Разница банальна - в деловой встрече не надо открывать душу, тогда приложив немного усилий, можно проканать за человека беспроблемного, те нервы которые кто-то может задеть, остаются защищенными, их не надо оголять. 



> Легко ли вам прийти на встречу?


 На деловую - легко (опыт большой, встречался через инет раз 70). На встречу интимного плана - очень тяжело (2раза).

----------


## Another

Какая интересная тема. Но ведь правда встречи бывают разных типов. Я уже давно не ходил на обычные встречи, но что доводилось выбирался так несколько раз за год, особенно в прошлом году. Для меня главное чтоб там было не очень много народу (социофобия все же). Вообще я давно пришел к выводу что я скучный и не интересный и обычным людям со мной будет не о чем говорить вообще! Еще меня мучает привычка высказаться. Если доводиться общаться с людьми, то почему-то хочется как можно больше всего наговорить. Причем я могу незнакомым людям что-то ляпнуть про себя лишнее. Из деловых встреч наверное я и не бывал то, ведь у меня пока была одна работа и там нет подобного. Просто пришел на работу и все. Там уже хочешь не хочешь, а идешь встречаться тем самым с остальными сотрудниками и начальством на самой работе.
Почитав этот форум, кстати, я бы на встречу с кем-то от сюда и не пошел бы... побоялся наверное. Суцидников считаю почему-то опасными. Вдруг они за собой захотят кого-то еще утянуть. Когда людям не чего терять они становятся способными на очень многое.

----------


## NOфеникс

> Почитав этот форум, кстати, я бы на встречу с кем-то от сюда и не пошел бы... побоялся наверное. Суцидников считаю почему-то опасными. Вдруг они за собой захотят кого-то еще утянуть. Когда людям не чего терять они становятся способными на очень многое.


 
То ты наверное меня начитался...помню когда-то напал на людей с ножом...щас как вспоминаю не могу поверить что это был я...видать всё что накопилось выхлестнул...а им просто не повезло...не в то время не в том месте...после того случая я их так и не встечал...правда стоит заметить что лица я их так и не запомнил...мне многие люди кажутса слишком однообразными...и память у меня неочень...может это даже к лучшему)))
 Так что бойся Анозер...прихлопнем тебя и ты больше не сможешь  колесить по полсотни км...а то ещё хуже ослепем тебя навсегда чтобы ты никого не опазнал и мучался всю жизнь...гыгыгы)))
Пс-шачу шачу...чёрный юмор,кот-й понятен только мне)))

----------


## EJSanYo

В каком смысле "легко ли"? Если в психологическом, то вообще без проблем. Если в физическом, то тут уж всё зависит от места и времени встречи, а также каких-то ещё текущих факторов, вроде текущих дел и пр.

----------


## Сиреневый Февраль

Мне трудно придти.. Я вообще в реале боюсь людей, да и не интересный я, не умею толком общаться.

----------


## wiki

Февраль, опять прибедняешься, общаться он не умеет))))))

----------


## Сиреневый Февраль

> Февраль, опять прибедняешься, общаться он не умеет))))))

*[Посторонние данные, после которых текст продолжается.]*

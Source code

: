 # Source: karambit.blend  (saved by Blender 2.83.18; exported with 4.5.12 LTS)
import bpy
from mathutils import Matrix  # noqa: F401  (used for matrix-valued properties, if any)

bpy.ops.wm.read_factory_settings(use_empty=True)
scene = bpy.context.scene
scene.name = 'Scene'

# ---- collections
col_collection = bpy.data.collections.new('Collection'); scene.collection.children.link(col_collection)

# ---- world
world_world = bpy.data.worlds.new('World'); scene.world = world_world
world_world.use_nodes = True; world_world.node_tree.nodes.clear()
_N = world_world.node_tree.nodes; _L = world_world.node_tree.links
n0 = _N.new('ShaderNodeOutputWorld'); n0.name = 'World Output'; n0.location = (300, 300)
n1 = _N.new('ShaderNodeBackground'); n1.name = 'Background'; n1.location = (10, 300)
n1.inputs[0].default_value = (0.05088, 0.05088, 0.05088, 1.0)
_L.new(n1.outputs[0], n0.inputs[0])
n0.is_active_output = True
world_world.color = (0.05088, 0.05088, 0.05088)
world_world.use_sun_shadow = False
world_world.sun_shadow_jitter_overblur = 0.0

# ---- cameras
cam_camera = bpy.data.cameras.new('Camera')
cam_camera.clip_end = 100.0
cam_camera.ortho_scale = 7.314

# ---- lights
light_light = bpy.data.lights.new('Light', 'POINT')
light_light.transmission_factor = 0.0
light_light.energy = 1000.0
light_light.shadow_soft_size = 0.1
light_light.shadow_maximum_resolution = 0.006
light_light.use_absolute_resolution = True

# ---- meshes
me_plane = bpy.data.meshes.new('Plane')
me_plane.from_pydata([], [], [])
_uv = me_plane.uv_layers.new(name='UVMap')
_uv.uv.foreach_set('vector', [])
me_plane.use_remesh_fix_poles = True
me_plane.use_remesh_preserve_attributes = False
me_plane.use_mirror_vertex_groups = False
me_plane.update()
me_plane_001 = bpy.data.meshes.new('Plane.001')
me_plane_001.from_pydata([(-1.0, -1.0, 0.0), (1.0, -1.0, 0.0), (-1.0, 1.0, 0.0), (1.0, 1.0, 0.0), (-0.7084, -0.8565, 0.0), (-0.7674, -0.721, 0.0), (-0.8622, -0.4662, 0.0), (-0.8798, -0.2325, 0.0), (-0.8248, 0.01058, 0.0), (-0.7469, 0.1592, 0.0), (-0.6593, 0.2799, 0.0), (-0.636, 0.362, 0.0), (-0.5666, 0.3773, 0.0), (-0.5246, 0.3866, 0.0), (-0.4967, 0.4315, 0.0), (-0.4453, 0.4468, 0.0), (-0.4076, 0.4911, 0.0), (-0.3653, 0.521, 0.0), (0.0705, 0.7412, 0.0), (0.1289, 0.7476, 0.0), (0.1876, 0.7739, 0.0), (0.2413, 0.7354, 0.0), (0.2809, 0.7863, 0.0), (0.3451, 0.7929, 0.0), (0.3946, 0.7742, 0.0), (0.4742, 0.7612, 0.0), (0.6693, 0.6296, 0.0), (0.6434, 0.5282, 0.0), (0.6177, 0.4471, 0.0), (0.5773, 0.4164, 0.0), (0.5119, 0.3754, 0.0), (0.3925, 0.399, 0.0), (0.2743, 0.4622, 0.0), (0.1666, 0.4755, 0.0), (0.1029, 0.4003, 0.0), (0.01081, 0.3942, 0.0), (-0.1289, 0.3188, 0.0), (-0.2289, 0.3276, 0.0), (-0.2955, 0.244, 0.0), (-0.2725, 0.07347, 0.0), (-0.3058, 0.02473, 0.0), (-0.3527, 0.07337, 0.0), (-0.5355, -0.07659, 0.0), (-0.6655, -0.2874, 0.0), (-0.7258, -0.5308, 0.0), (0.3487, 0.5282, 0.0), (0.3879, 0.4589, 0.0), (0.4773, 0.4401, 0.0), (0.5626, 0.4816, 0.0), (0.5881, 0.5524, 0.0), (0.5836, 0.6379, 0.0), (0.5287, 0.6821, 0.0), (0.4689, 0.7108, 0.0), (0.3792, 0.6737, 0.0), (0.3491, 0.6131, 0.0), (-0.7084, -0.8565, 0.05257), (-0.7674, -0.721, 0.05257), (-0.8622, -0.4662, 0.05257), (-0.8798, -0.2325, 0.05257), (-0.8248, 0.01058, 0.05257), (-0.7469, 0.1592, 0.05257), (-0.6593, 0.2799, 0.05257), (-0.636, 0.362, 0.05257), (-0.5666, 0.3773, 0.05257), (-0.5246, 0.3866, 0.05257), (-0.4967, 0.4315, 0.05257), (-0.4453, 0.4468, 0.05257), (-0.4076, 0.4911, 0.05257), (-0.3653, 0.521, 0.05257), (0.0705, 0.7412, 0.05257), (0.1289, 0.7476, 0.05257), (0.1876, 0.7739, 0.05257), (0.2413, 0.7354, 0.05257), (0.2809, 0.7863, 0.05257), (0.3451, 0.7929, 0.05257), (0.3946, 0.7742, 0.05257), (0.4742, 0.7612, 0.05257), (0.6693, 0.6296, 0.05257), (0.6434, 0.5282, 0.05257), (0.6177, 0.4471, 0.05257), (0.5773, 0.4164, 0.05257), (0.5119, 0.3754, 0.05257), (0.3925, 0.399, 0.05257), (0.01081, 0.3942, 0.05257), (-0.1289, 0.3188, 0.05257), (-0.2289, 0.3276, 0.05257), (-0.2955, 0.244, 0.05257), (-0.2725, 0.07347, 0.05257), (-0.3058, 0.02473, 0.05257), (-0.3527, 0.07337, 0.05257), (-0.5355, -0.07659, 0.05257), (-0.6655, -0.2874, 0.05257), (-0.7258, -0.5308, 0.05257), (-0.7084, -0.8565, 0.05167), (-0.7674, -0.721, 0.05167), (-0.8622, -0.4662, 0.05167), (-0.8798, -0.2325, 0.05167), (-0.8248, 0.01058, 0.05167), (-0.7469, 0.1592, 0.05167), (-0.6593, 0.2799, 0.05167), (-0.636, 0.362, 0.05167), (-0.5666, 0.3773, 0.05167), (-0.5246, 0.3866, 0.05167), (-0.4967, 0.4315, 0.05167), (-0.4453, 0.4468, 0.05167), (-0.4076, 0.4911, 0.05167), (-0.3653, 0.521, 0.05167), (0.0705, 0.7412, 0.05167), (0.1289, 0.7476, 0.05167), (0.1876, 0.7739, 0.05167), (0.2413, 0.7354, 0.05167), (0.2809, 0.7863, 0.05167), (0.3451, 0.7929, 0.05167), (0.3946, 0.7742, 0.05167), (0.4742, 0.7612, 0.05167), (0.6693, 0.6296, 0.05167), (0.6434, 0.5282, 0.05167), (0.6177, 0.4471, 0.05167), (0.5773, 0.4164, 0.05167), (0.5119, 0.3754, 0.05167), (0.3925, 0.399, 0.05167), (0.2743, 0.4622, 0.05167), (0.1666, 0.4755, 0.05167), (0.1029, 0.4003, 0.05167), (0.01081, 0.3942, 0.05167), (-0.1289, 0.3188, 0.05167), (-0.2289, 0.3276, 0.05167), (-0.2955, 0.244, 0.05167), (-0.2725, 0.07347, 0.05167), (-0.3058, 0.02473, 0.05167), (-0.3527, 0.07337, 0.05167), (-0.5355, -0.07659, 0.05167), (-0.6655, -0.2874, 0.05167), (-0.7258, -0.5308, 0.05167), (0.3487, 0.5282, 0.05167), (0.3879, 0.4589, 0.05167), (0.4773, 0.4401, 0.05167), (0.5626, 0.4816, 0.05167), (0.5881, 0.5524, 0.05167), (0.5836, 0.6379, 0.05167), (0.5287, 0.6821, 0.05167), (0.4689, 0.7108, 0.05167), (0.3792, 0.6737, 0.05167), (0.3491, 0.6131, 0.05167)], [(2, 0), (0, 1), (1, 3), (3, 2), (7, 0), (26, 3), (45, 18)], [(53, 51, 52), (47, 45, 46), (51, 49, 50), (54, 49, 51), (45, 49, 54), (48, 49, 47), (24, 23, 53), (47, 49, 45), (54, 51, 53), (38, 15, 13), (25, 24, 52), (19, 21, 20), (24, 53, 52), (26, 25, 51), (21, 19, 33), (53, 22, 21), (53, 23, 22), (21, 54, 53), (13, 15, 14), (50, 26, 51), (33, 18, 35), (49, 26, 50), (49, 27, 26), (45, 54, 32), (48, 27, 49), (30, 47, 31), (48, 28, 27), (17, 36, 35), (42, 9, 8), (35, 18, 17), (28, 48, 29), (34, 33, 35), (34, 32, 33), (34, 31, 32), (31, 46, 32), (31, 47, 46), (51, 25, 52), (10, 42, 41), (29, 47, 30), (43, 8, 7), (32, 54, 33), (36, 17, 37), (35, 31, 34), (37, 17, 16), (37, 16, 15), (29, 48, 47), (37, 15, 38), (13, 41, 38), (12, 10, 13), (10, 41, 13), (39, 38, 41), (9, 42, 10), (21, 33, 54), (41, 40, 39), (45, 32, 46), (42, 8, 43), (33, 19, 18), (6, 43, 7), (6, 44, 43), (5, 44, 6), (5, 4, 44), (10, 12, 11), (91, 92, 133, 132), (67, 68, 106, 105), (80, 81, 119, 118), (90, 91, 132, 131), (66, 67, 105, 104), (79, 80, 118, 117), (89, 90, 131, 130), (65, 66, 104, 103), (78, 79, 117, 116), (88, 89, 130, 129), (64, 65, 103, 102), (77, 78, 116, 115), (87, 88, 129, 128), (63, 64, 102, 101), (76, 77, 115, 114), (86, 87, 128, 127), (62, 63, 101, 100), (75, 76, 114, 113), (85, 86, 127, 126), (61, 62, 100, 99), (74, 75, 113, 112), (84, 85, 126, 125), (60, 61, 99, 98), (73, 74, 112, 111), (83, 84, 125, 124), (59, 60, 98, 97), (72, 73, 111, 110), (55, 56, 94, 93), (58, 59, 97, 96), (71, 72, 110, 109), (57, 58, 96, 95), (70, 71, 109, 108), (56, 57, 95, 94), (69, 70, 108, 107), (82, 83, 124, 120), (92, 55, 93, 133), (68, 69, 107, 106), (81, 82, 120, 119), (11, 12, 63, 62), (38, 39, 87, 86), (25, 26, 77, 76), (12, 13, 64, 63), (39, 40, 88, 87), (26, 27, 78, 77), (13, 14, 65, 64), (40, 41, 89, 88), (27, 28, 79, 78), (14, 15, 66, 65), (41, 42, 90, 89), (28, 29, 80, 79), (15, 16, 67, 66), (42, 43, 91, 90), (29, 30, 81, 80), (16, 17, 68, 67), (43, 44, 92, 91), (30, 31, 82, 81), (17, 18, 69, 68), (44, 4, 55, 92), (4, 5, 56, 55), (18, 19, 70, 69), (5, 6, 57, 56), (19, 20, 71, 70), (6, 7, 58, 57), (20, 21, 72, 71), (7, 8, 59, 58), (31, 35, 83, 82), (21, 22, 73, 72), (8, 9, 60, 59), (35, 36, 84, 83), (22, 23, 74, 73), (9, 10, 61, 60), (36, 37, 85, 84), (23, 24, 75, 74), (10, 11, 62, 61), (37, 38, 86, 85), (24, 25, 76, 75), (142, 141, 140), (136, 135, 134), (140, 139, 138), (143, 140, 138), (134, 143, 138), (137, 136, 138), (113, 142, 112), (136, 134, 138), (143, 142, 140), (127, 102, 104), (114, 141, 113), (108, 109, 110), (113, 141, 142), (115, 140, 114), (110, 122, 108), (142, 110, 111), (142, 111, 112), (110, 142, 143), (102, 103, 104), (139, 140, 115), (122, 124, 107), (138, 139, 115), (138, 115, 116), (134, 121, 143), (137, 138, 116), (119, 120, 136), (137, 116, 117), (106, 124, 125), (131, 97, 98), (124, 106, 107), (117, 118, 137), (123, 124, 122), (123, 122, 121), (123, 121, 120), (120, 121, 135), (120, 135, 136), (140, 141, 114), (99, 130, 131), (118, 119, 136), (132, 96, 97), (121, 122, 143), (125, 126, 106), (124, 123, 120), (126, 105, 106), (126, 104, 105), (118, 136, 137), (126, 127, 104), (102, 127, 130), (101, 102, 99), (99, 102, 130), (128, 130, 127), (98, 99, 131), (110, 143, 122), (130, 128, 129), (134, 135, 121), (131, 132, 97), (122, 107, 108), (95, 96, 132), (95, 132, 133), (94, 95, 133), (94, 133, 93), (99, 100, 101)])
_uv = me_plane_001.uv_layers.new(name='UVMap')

 Вика, вот в жизни увидела бы не узнала... Я дрожу весь, не то что говорить.

----------


## wiki

> Вика, вот в жизни увидела бы не узнала... Я дрожу весь, не то что говорить.


 ну голос-то совсем не дрожит))))))))))))))) да прикалываюсь я, не обижайся))))))))))))))))))))))

----------


## Энтерколит

Легко. За ваш счёт с удовольствием приду куда угодно.

----------


## Дэрил

Как два пальца.

----------


## Pechalka

Нет,предпочитаю приватно с отдельным человеком, а в "стаю" вливаться мне очень тяжело, я просто автоматически "сойду" на нет и стану для этой "стаи" невидимкой.

----------


## _lamer

Встречи не люблю..не люблю всё неестественное. И коллектив для меня лучше одного человека. В коллектив всегда можно запустить свои ментальные щупальца и перестраивать там всё на свой лад, а с одним человеком это невозможно, потому что на него некому больше влиять кроме тебя, и он это сразу заметит.
Вот когда есть базис..общее..знакомые..работа..место..это совсем другое дело. К слову - желание брать под контроль - тоже признак страха, только всё же сломанного. Параноидность тоже горчичниками не лечится, другое дело, у тебя всегда есть чем заняться. Можно найти себя в разных вещах, чтобы те, что мешают, не становились главным и труднопреодолимым барьером. Чтобы упростить проблему, нужно сделать её частью более крупной проблемы, самоцели, иначе борьба с мельницами приводит к истощению.

----------